Heidi Klum and her chunky mixed stone earrings and ring.
Most of it was all a bit *ho-hum* really. I always look forward to a glittering night but this time I’m left feeling rather underwhelmed.
Elizabeth Moss and Jane Lynch on the chandelier style bandwagon.
I promise to write more about our adventures in Italy - once I get over the jetlag and organise the photos a little more!
Till next :)
Saturday, 3 September 2011
A quick post, all the way from Italia! (At least I currently have a good reason not to blog regularly!)
I’ve been here about 10 days now and having a fabulous time – the first week was hectic with lots of sightseeing, walking, getting lost and coping with the heat after leaving a chilly Australia!
We've spent some time in Roma, Pompeii, the Amalfi Coast (pic above), Paestum, across the country to Matera and Alberobello and up the Adriatic coast.
We’re currently settled into our accommodation at the Residenza Paradiso at Santa Maria in Valle near Trevi in Umbria, a working olive farm, and being looked after by the genial Emiliana and Alfredo.
Our house, the Casa del Contadino, is a restored 17th century farmhouse that just oozes history and charm. The views are magnificient over the surrounding Umbrian countryside and the picturesque town of Trevi. The stone houses, narrow streets and melodic Italian language just washes over you in delightful waves!

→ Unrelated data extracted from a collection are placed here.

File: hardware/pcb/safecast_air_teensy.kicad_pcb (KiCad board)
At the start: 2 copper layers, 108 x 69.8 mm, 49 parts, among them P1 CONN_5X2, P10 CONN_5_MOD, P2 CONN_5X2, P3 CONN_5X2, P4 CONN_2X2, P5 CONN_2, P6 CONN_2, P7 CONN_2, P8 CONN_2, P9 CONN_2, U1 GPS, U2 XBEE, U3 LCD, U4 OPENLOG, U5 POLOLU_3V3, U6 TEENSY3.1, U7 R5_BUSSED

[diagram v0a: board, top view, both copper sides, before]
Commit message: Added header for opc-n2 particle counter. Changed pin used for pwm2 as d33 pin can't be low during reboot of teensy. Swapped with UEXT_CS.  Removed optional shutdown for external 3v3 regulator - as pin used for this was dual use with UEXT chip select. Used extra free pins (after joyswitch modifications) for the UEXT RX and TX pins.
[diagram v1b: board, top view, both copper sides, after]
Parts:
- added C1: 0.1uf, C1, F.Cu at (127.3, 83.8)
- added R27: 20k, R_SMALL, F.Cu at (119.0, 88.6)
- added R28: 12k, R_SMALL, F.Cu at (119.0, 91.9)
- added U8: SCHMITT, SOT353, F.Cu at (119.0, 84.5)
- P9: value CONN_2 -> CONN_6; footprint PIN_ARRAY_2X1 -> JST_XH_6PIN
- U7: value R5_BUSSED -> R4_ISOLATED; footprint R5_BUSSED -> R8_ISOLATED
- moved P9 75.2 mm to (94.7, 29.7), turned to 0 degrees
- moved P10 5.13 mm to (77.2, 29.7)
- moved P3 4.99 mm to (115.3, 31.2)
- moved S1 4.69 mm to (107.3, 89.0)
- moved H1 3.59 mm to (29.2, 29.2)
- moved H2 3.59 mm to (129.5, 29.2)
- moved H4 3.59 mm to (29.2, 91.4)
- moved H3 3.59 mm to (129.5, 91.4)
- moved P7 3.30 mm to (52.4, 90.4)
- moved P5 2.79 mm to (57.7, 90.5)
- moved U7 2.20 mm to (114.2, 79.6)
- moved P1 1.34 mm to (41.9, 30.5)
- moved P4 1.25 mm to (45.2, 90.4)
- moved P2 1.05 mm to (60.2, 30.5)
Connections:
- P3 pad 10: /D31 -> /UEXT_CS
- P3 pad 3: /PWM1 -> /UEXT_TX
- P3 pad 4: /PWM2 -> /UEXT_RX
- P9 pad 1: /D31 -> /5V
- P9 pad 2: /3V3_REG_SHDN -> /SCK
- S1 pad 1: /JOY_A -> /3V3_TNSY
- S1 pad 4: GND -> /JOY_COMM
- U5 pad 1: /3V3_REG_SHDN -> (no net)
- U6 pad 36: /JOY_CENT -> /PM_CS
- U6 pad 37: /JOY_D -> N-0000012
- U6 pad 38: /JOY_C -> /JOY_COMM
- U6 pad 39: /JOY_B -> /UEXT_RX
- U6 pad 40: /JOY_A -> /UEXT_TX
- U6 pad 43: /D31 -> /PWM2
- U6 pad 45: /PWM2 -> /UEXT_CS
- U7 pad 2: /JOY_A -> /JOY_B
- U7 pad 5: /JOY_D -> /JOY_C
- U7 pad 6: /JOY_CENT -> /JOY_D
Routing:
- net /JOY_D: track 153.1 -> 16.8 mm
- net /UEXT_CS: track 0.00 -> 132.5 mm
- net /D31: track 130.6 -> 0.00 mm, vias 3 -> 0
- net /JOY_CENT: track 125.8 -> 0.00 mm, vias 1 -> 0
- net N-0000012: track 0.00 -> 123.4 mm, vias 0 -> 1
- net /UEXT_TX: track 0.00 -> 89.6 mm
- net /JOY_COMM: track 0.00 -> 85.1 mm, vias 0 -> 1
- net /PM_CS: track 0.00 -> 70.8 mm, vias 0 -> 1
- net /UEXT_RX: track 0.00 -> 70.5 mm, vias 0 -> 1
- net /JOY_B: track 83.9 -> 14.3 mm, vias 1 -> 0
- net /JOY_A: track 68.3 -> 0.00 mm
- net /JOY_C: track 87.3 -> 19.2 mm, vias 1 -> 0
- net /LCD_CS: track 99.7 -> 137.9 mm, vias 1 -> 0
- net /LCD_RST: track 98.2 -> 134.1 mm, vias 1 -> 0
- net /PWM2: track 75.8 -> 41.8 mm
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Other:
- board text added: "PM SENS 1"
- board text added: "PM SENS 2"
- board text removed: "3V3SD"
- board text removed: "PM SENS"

I’m constantly inspired by the stylish Italian women. I know we hear of French women being the epitome of style but the Italians must give them a good run for their money. I love their fashion sense and colours. I met a lovely Australian woman who is living in nearby Spello – she was looking very Italian (completely chic), but with the wonderful Australian accent – and it is a great mix!
All the hisory, varying landscapes, the cool lanes and the hot sun have got the creativity flying and have some great ideas brewing for new designs when I get back home and start playing with my gems and pearls!
But, the trip isn’t over yet – another week here in Umbria and then a few days around the northern parts of the country including Venice and Milan.